-- Provided data --
────────────────────────────────────────
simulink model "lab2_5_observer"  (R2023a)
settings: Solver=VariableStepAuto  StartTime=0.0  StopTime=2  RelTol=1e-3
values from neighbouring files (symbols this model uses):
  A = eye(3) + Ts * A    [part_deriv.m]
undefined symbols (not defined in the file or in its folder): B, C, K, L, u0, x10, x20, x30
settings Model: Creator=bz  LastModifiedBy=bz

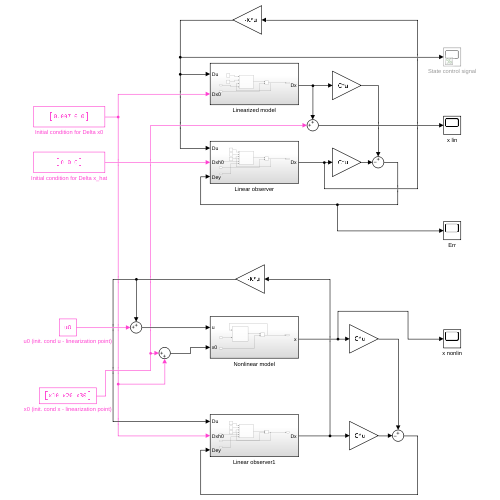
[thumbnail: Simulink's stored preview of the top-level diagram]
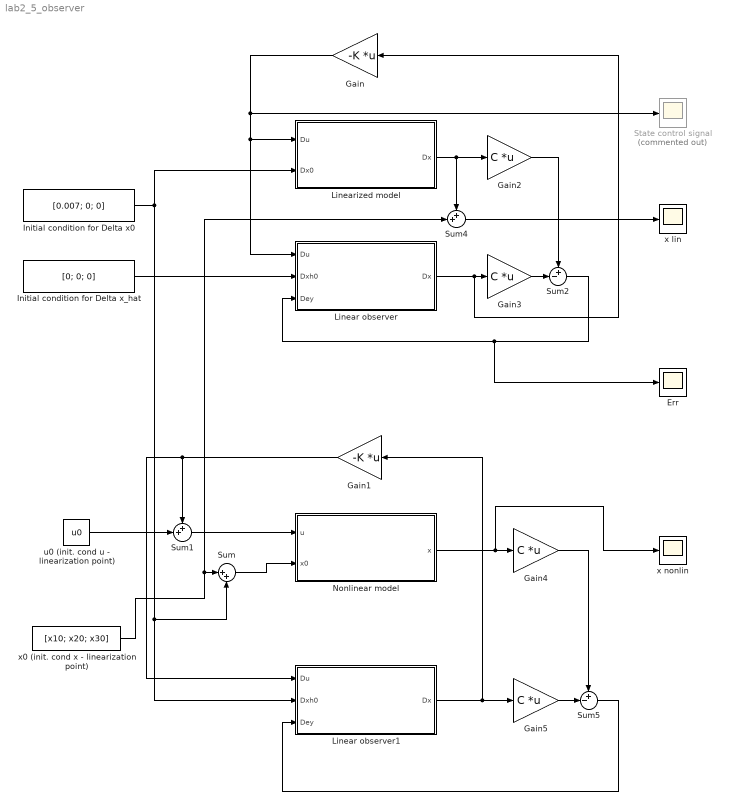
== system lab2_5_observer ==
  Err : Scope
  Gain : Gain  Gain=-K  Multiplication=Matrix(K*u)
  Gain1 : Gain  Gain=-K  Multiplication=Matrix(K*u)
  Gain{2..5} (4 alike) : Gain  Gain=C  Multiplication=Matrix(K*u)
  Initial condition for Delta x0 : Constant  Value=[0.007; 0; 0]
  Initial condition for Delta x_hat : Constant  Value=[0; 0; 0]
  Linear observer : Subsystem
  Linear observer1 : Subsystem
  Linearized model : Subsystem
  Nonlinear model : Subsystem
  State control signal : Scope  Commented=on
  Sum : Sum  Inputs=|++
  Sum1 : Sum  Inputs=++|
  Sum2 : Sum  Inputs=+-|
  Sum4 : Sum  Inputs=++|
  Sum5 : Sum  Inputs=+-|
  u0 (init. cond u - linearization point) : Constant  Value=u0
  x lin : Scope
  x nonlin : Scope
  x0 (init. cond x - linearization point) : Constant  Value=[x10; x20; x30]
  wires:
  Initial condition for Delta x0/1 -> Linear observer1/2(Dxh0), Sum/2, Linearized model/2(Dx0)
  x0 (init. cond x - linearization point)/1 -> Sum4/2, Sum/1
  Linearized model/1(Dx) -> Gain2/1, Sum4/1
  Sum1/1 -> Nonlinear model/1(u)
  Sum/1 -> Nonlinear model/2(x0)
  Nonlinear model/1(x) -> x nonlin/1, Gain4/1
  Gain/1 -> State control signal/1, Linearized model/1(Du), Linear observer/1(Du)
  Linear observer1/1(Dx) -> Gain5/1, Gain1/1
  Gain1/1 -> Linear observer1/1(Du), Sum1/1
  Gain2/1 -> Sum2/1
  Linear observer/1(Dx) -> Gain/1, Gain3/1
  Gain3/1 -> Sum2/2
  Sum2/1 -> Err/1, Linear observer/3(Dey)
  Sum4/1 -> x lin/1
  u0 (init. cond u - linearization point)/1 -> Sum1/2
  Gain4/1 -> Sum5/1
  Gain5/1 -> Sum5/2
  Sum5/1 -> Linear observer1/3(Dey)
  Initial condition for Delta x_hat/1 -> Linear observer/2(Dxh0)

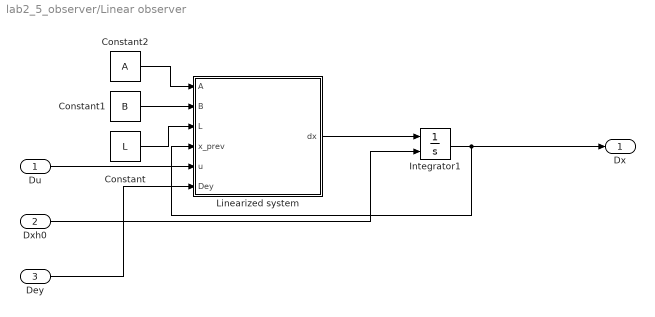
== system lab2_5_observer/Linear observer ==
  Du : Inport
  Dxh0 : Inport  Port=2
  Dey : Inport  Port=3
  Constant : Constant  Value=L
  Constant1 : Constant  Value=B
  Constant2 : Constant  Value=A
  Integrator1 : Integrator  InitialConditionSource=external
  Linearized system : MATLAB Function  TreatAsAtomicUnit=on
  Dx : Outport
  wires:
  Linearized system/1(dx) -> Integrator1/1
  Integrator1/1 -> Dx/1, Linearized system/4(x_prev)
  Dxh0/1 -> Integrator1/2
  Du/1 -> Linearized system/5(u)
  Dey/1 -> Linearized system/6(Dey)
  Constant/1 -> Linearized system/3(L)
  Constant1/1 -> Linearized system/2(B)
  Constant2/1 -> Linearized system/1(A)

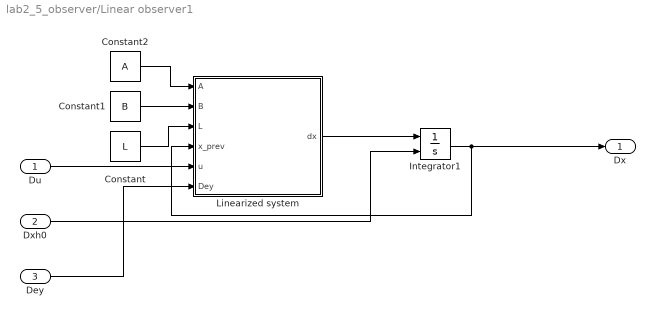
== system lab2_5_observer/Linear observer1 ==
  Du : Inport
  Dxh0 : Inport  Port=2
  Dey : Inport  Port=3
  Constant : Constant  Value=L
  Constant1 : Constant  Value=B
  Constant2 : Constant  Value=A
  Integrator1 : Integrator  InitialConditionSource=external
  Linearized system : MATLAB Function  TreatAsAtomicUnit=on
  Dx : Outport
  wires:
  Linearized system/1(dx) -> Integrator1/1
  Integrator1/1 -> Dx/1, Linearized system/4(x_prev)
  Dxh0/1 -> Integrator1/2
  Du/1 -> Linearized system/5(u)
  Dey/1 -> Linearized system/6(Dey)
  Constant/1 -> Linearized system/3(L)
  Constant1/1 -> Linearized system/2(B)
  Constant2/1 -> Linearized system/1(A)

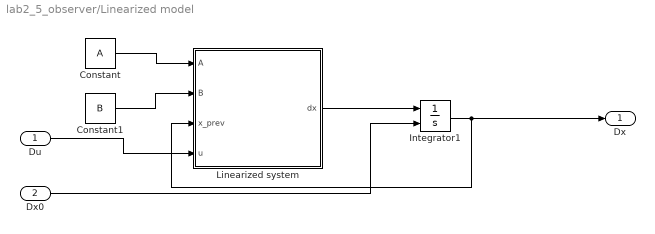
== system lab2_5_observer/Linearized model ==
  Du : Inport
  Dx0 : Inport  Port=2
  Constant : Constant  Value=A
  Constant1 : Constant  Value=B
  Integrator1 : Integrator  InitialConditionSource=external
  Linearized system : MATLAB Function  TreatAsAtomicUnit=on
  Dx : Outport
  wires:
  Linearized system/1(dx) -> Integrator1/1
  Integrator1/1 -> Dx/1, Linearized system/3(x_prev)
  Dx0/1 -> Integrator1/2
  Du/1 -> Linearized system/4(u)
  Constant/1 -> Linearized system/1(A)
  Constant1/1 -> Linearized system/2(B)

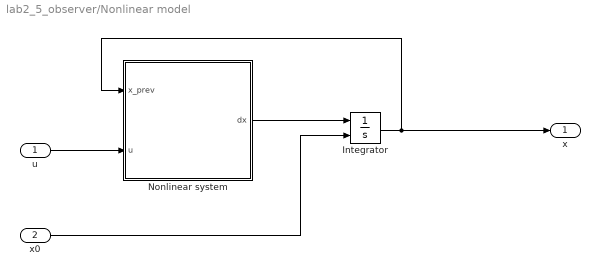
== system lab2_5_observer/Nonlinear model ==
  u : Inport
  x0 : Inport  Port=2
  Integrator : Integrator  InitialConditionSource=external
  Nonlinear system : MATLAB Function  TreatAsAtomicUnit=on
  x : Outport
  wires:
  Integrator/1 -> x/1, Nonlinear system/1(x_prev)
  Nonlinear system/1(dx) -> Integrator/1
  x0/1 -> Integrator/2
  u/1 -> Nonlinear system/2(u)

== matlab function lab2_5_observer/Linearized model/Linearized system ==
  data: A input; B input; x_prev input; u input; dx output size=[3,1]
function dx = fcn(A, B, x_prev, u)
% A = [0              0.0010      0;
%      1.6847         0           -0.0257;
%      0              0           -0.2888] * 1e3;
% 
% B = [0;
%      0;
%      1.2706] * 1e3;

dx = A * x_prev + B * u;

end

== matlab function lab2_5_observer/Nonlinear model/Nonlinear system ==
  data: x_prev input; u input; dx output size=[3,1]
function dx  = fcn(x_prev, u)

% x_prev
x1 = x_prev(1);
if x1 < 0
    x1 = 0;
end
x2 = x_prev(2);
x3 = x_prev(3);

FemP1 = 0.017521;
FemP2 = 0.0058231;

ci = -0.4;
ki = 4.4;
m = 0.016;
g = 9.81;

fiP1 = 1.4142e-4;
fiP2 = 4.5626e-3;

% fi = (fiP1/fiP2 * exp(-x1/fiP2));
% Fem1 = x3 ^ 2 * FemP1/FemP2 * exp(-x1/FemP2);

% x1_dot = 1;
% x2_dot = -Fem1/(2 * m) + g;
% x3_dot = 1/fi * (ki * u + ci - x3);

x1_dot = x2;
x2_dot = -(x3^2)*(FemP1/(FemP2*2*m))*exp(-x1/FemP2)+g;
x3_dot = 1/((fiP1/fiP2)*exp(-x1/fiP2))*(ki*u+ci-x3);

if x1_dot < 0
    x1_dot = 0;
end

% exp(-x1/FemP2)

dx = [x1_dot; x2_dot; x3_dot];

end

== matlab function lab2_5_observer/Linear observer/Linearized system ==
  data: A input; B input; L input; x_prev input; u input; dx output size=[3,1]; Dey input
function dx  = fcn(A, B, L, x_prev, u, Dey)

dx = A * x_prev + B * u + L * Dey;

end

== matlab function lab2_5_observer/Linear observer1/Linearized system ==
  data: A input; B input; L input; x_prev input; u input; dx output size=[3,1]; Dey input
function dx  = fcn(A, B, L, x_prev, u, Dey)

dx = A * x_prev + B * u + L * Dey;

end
────────────────────────────────────────
-- Work item --
Your task is to gather all lines from the entries above that hold the word "size".

-- Task result --
  data: A input; B input; x_prev input; u input; dx output size=[3,1]
  data: x_prev input; u input; dx output size=[3,1]
  data: A input; B input; L input; x_prev input; u input; dx output size=[3,1]; Dey input
  data: A input; B input; L input; x_prev input; u input; dx output size=[3,1]; Dey input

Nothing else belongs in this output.